» **Your assignment**:
Using the listing below, say how many lines have the string "offset" in them, giving the number alone.

» **Data under study**:
-*-

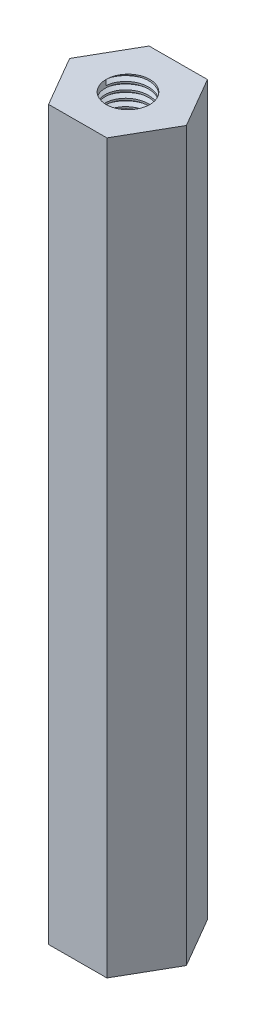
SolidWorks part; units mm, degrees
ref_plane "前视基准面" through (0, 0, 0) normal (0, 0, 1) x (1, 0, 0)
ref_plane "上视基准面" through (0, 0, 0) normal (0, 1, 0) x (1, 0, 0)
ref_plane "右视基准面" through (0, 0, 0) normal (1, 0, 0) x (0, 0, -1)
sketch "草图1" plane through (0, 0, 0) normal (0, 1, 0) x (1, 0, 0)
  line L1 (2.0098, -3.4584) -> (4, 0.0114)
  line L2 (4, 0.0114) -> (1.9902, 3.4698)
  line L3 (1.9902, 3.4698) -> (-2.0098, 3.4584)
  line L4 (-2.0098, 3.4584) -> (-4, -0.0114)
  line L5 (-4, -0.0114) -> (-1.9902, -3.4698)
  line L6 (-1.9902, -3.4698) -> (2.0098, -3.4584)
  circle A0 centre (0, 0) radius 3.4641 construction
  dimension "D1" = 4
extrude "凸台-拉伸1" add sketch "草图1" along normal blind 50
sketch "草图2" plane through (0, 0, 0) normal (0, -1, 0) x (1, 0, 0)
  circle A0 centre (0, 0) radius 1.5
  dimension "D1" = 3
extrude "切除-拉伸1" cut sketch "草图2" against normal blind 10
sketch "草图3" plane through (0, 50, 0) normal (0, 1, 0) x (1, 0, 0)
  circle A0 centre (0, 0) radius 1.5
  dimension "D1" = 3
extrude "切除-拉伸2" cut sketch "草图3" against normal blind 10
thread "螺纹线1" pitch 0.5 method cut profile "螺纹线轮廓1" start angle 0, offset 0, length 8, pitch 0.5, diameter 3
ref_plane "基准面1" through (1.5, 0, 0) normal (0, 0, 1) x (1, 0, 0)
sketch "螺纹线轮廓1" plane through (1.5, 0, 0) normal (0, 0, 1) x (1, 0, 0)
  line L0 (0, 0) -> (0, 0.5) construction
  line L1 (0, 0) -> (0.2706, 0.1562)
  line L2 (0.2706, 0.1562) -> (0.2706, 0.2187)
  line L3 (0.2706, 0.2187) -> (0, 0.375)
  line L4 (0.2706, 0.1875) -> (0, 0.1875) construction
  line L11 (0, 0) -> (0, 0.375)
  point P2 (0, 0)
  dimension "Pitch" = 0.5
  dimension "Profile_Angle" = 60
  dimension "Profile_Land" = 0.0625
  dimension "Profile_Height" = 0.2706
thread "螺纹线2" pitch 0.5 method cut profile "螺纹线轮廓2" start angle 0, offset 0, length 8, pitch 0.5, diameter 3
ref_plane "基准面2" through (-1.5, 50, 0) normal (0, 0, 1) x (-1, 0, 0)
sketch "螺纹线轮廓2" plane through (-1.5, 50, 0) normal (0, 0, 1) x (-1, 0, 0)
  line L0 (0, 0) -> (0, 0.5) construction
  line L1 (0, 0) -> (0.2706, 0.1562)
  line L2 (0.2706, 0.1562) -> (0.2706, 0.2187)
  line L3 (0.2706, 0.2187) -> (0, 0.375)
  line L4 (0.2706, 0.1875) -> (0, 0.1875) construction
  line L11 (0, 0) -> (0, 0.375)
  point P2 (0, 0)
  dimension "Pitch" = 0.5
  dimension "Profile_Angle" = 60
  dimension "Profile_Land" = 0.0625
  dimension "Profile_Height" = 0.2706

-*-

» **Written answer**:
2